• REQUIREMENT: Within the entries below, the lines from the one with "#4=PRODUCT('Part','Part','',(#3));" through the one with "#46=CARTESIAN_POINT('',(30.,37.8984312620007,-14.));" are to be set down exactly, both ends kept.

• DATASET EXCERPTS:
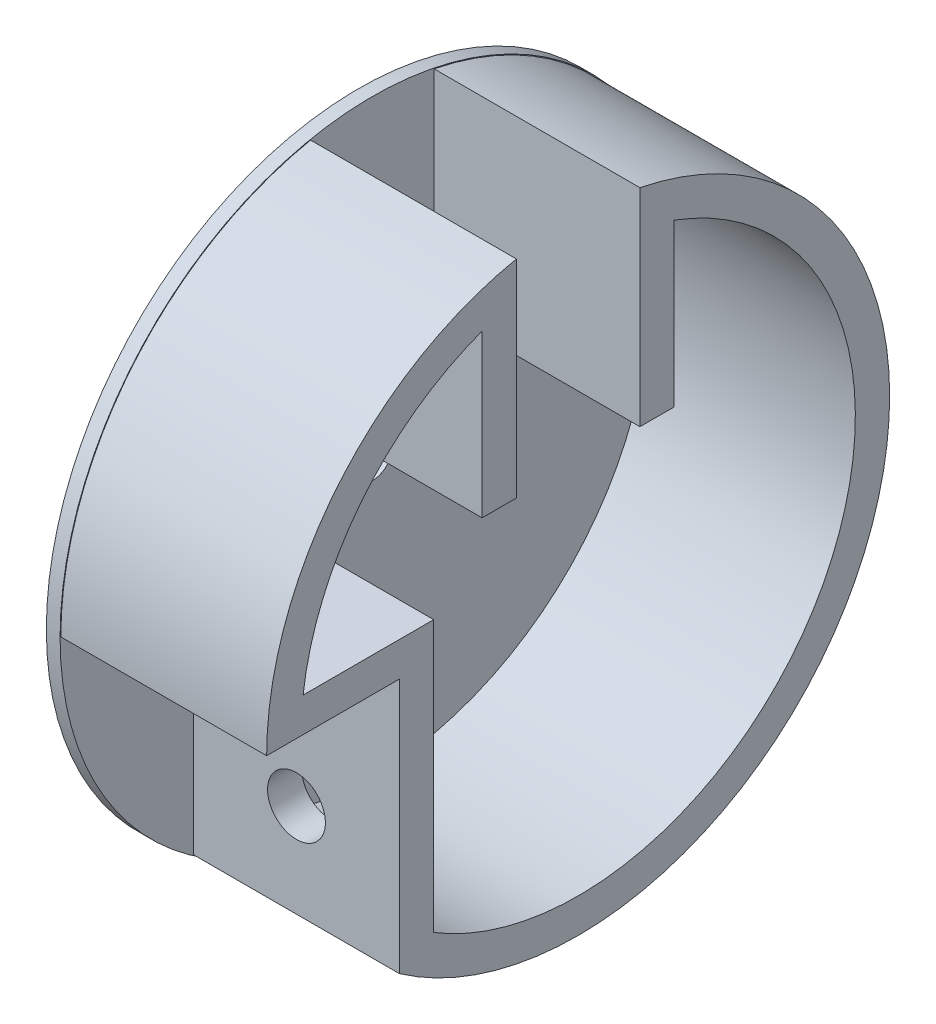
ISO-10303-21;
HEADER;
FILE_DESCRIPTION(('STEP AP214'),'2;1');
FILE_NAME('part.step','',(''),(''),'','','');
FILE_SCHEMA(('AUTOMOTIVE_DESIGN { 1 0 10303 214 1 1 1 1 }'));
ENDSEC;
DATA;
#1=APPLICATION_CONTEXT('core data for automotive mechanical design processes');
#2=APPLICATION_PROTOCOL_DEFINITION('international standard','automotive_design',2000,#1);
#3=PRODUCT_CONTEXT('',#1,'mechanical');
#4=PRODUCT('Part','Part','',(#3));
#5=PRODUCT_RELATED_PRODUCT_CATEGORY('part','',(#4));
#6=PRODUCT_DEFINITION_FORMATION('','',#4);
#7=PRODUCT_DEFINITION_CONTEXT('part definition',#1,'design');
#8=PRODUCT_DEFINITION('design','',#6,#7);
#9=PRODUCT_DEFINITION_SHAPE('','',#8);
#10=(LENGTH_UNIT() NAMED_UNIT(*) SI_UNIT(.MILLI.,.METRE.));
#11=(NAMED_UNIT(*) PLANE_ANGLE_UNIT() SI_UNIT($,.RADIAN.));
#12=(NAMED_UNIT(*) SI_UNIT($,.STERADIAN.) SOLID_ANGLE_UNIT());
#13=UNCERTAINTY_MEASURE_WITH_UNIT(LENGTH_MEASURE(1.E-05),#10,'distance_accuracy_value','');
#14=(GEOMETRIC_REPRESENTATION_CONTEXT(3) GLOBAL_UNCERTAINTY_ASSIGNED_CONTEXT((#13)) GLOBAL_UNIT_ASSIGNED_CONTEXT((#10,
#11,#12)) REPRESENTATION_CONTEXT('',''));
#15=CARTESIAN_POINT('',(0.,0.,0.));
#16=DIRECTION('',(0.,0.,1.));
#17=DIRECTION('',(1.,0.,0.));
#18=AXIS2_PLACEMENT_3D('',#15,#16,#17);
#19=CARTESIAN_POINT('',(30.,0.,0.));
#20=DIRECTION('',(1.,0.,0.));
#21=DIRECTION('',(0.,0.,-1.));
#22=AXIS2_PLACEMENT_3D('',#19,#20,#21);
#23=PLANE('',#22);
#24=DIRECTION('',(0.,-1.,0.));
#25=VECTOR('',#24,1.);
#26=CARTESIAN_POINT('',(30.,0.,-9.00000000000001));
#27=LINE('',#26,#25);
#28=CARTESIAN_POINT('',(30.,44.5006439960949,-8.99999999999999));
#29=VERTEX_POINT('',#28);
#30=CARTESIAN_POINT('',(30.,14.3257791915801,-9.));
#31=VERTEX_POINT('',#30);
#32=EDGE_CURVE('E127',#29,#31,#27,.T.);
#33=ORIENTED_EDGE('',*,*,#32,.T.);
#34=DIRECTION('',(0.,0.,-1.));
#35=VECTOR('',#34,1.);
#36=CARTESIAN_POINT('',(30.,14.3257791915801,0.));
#37=LINE('',#36,#35);
#38=CARTESIAN_POINT('',(30.,14.3257791915801,-14.));
#39=VERTEX_POINT('',#38);
#40=EDGE_CURVE('E11',#31,#39,#37,.T.);
#41=ORIENTED_EDGE('',*,*,#40,.T.);
#42=DIRECTION('',(0.,-1.,0.));
#43=VECTOR('',#42,1.);
#44=CARTESIAN_POINT('',(30.,0.,-14.));
#45=LINE('',#44,#43);
#46=CARTESIAN_POINT('',(30.,37.8984312620007,-14.));
#47=VERTEX_POINT('',#46);
#48=EDGE_CURVE('E465',#47,#39,#45,.T.);
#49=ORIENTED_EDGE('',*,*,#48,.F.);
#50=CARTESIAN_POINT('',(30.,0.,0.));
#51=DIRECTION('',(1.,0.,0.));
#52=DIRECTION('',(0.,0.,-1.));
#53=AXIS2_PLACEMENT_3D('',#50,#51,#52);
#54=CIRCLE('',#53,40.4016223946587);
#55=CARTESIAN_POINT('',(30.,-34.4821417654368,21.0540492872252));
#56=VERTEX_POINT('',#55);
#57=EDGE_CURVE('E467',#47,#56,#54,.F.);
#58=ORIENTED_EDGE('',*,*,#57,.T.);
#59=DIRECTION('',(0.,-1.,0.));
#60=VECTOR('',#59,1.);
#61=CARTESIAN_POINT('',(30.,0.,21.0540492872252));
#62=LINE('',#61,#60);
#63=CARTESIAN_POINT('',(30.,5.,21.0540492872252));
#64=VERTEX_POINT('',#63);
#65=EDGE_CURVE('E470',#64,#56,#62,.T.);
#66=ORIENTED_EDGE('',*,*,#65,.F.);
#67=DIRECTION('',(0.,0.,-1.));
#68=VECTOR('',#67,1.);
#69=CARTESIAN_POINT('',(30.,5.,0.));
#70=LINE('',#69,#68);
#71=CARTESIAN_POINT('',(30.,5.,40.0910350592322));
#72=VERTEX_POINT('',#71);
#73=EDGE_CURVE('E474',#72,#64,#70,.T.);
#74=ORIENTED_EDGE('',*,*,#73,.F.);
#75=CARTESIAN_POINT('',(30.,0.,0.));
#76=DIRECTION('',(1.,0.,0.));
#77=DIRECTION('',(0.,0.,-1.));
#78=AXIS2_PLACEMENT_3D('',#75,#76,#77);
#79=CIRCLE('',#78,40.4016223946587);
#80=CARTESIAN_POINT('',(30.,37.8984312620007,14.));
#81=VERTEX_POINT('',#80);
#82=EDGE_CURVE('E176',#72,#81,#79,.F.);
#83=ORIENTED_EDGE('',*,*,#82,.T.);
#84=DIRECTION('',(0.,-1.,0.));
#85=VECTOR('',#84,1.);
#86=CARTESIAN_POINT('',(30.,0.,14.));
#87=LINE('',#86,#85);
#88=CARTESIAN_POINT('',(30.,14.3257791915801,14.));
#89=VERTEX_POINT('',#88);
#90=EDGE_CURVE('E246',#81,#89,#87,.T.);
#91=ORIENTED_EDGE('',*,*,#90,.T.);
#92=CARTESIAN_POINT('',(30.,14.3257791915801,9.));
#93=VERTEX_POINT('',#92);
#94=EDGE_CURVE('E52',#89,#93,#37,.T.);
#95=ORIENTED_EDGE('',*,*,#94,.T.);
#96=DIRECTION('',(0.,-1.,0.));
#97=VECTOR('',#96,1.);
#98=CARTESIAN_POINT('',(30.,0.,9.));
#99=LINE('',#98,#97);
#100=CARTESIAN_POINT('',(30.,44.5006439960949,8.99999999999999));
#101=VERTEX_POINT('',#100);
#102=EDGE_CURVE('E129',#101,#93,#99,.T.);
#103=ORIENTED_EDGE('',*,*,#102,.F.);
#104=CARTESIAN_POINT('',(30.,0.,0.));
#105=DIRECTION('',(1.,0.,0.));
#106=DIRECTION('',(0.,0.,-1.));
#107=AXIS2_PLACEMENT_3D('',#104,#105,#106);
#108=CIRCLE('',#107,45.4016223946587);
#109=CARTESIAN_POINT('',(30.,0.,45.4016223946587));
#110=VERTEX_POINT('',#109);
#111=EDGE_CURVE('E149',#110,#101,#108,.F.);
#112=ORIENTED_EDGE('',*,*,#111,.F.);
#113=DIRECTION('',(0.,0.,-1.));
#114=VECTOR('',#113,1.);
#115=CARTESIAN_POINT('',(30.,0.,0.));
#116=LINE('',#115,#114);
#117=CARTESIAN_POINT('',(30.,0.,26.0540492872252));
#118=VERTEX_POINT('',#117);
#119=EDGE_CURVE('E109',#110,#118,#116,.T.);
#120=ORIENTED_EDGE('',*,*,#119,.T.);
#121=DIRECTION('',(0.,-1.,0.));
#122=VECTOR('',#121,1.);
#123=CARTESIAN_POINT('',(30.,0.,26.0540492872252));
#124=LINE('',#123,#122);
#125=CARTESIAN_POINT('',(30.,-37.1819019390619,26.0540492872252));
#126=VERTEX_POINT('',#125);
#127=EDGE_CURVE('E103',#118,#126,#124,.T.);
#128=ORIENTED_EDGE('',*,*,#127,.T.);
#129=CARTESIAN_POINT('',(30.,0.,0.));
#130=DIRECTION('',(1.,0.,0.));
#131=DIRECTION('',(0.,0.,-1.));
#132=AXIS2_PLACEMENT_3D('',#129,#130,#131);
#133=CIRCLE('',#132,45.4016223946587);
#134=EDGE_CURVE('E107',#29,#126,#133,.F.);
#135=ORIENTED_EDGE('',*,*,#134,.F.);
#136=EDGE_LOOP('',(#33,#41,#49,#58,#66,#74,#83,#91,#95,#103,#112,#120,#128,#135));
#137=FACE_BOUND('',#136,.T.);
#138=ADVANCED_FACE('F41',(#137),#23,.T.);
#139=CARTESIAN_POINT('',(30.,0.,0.));
#140=DIRECTION('',(-1.,0.,0.));
#141=DIRECTION('',(0.,0.,1.));
#142=AXIS2_PLACEMENT_3D('',#139,#140,#141);
#143=CYLINDRICAL_SURFACE('',#142,45.4016223946587);
#144=CARTESIAN_POINT('',(0.,0.,0.));
#145=DIRECTION('',(1.,0.,0.));
#146=DIRECTION('',(0.,0.,-1.));
#147=AXIS2_PLACEMENT_3D('',#144,#145,#146);
#148=CIRCLE('',#147,45.4016223946587);
#149=CARTESIAN_POINT('',(0.,0.,45.4016223946587));
#150=VERTEX_POINT('',#149);
#151=CARTESIAN_POINT('',(0.,44.5006439960949,8.99999999999999));
#152=VERTEX_POINT('',#151);
#153=EDGE_CURVE('E134',#150,#152,#148,.F.);
#154=ORIENTED_EDGE('',*,*,#153,.F.);
#155=DIRECTION('',(-1.,0.,0.));
#156=VECTOR('',#155,1.);
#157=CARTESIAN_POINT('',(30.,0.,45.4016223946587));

• THE ANSWER:
#4=PRODUCT('Part','Part','',(#3));
#5=PRODUCT_RELATED_PRODUCT_CATEGORY('part','',(#4));
#6=PRODUCT_DEFINITION_FORMATION('','',#4);
#7=PRODUCT_DEFINITION_CONTEXT('part definition',#1,'design');
#8=PRODUCT_DEFINITION('design','',#6,#7);
#9=PRODUCT_DEFINITION_SHAPE('','',#8);
#10=(LENGTH_UNIT() NAMED_UNIT(*) SI_UNIT(.MILLI.,.METRE.));
#11=(NAMED_UNIT(*) PLANE_ANGLE_UNIT() SI_UNIT($,.RADIAN.));
#12=(NAMED_UNIT(*) SI_UNIT($,.STERADIAN.) SOLID_ANGLE_UNIT());
#13=UNCERTAINTY_MEASURE_WITH_UNIT(LENGTH_MEASURE(1.E-05),#10,'distance_accuracy_value','');
#14=(GEOMETRIC_REPRESENTATION_CONTEXT(3) GLOBAL_UNCERTAINTY_ASSIGNED_CONTEXT((#13)) GLOBAL_UNIT_ASSIGNED_CONTEXT((#10,
#11,#12)) REPRESENTATION_CONTEXT('',''));
#15=CARTESIAN_POINT('',(0.,0.,0.));
#16=DIRECTION('',(0.,0.,1.));
#17=DIRECTION('',(1.,0.,0.));
#18=AXIS2_PLACEMENT_3D('',#15,#16,#17);
#19=CARTESIAN_POINT('',(30.,0.,0.));
#20=DIRECTION('',(1.,0.,0.));
#21=DIRECTION('',(0.,0.,-1.));
#22=AXIS2_PLACEMENT_3D('',#19,#20,#21);
#23=PLANE('',#22);
#24=DIRECTION('',(0.,-1.,0.));
#25=VECTOR('',#24,1.);
#26=CARTESIAN_POINT('',(30.,0.,-9.00000000000001));
#27=LINE('',#26,#25);
#28=CARTESIAN_POINT('',(30.,44.5006439960949,-8.99999999999999));
#29=VERTEX_POINT('',#28);
#30=CARTESIAN_POINT('',(30.,14.3257791915801,-9.));
#31=VERTEX_POINT('',#30);
#32=EDGE_CURVE('E127',#29,#31,#27,.T.);
#33=ORIENTED_EDGE('',*,*,#32,.T.);
#34=DIRECTION('',(0.,0.,-1.));
#35=VECTOR('',#34,1.);
#36=CARTESIAN_POINT('',(30.,14.3257791915801,0.));
#37=LINE('',#36,#35);
#38=CARTESIAN_POINT('',(30.,14.3257791915801,-14.));
#39=VERTEX_POINT('',#38);
#40=EDGE_CURVE('E11',#31,#39,#37,.T.);
#41=ORIENTED_EDGE('',*,*,#40,.T.);
#42=DIRECTION('',(0.,-1.,0.));
#43=VECTOR('',#42,1.);
#44=CARTESIAN_POINT('',(30.,0.,-14.));
#45=LINE('',#44,#43);
#46=CARTESIAN_POINT('',(30.,37.8984312620007,-14.));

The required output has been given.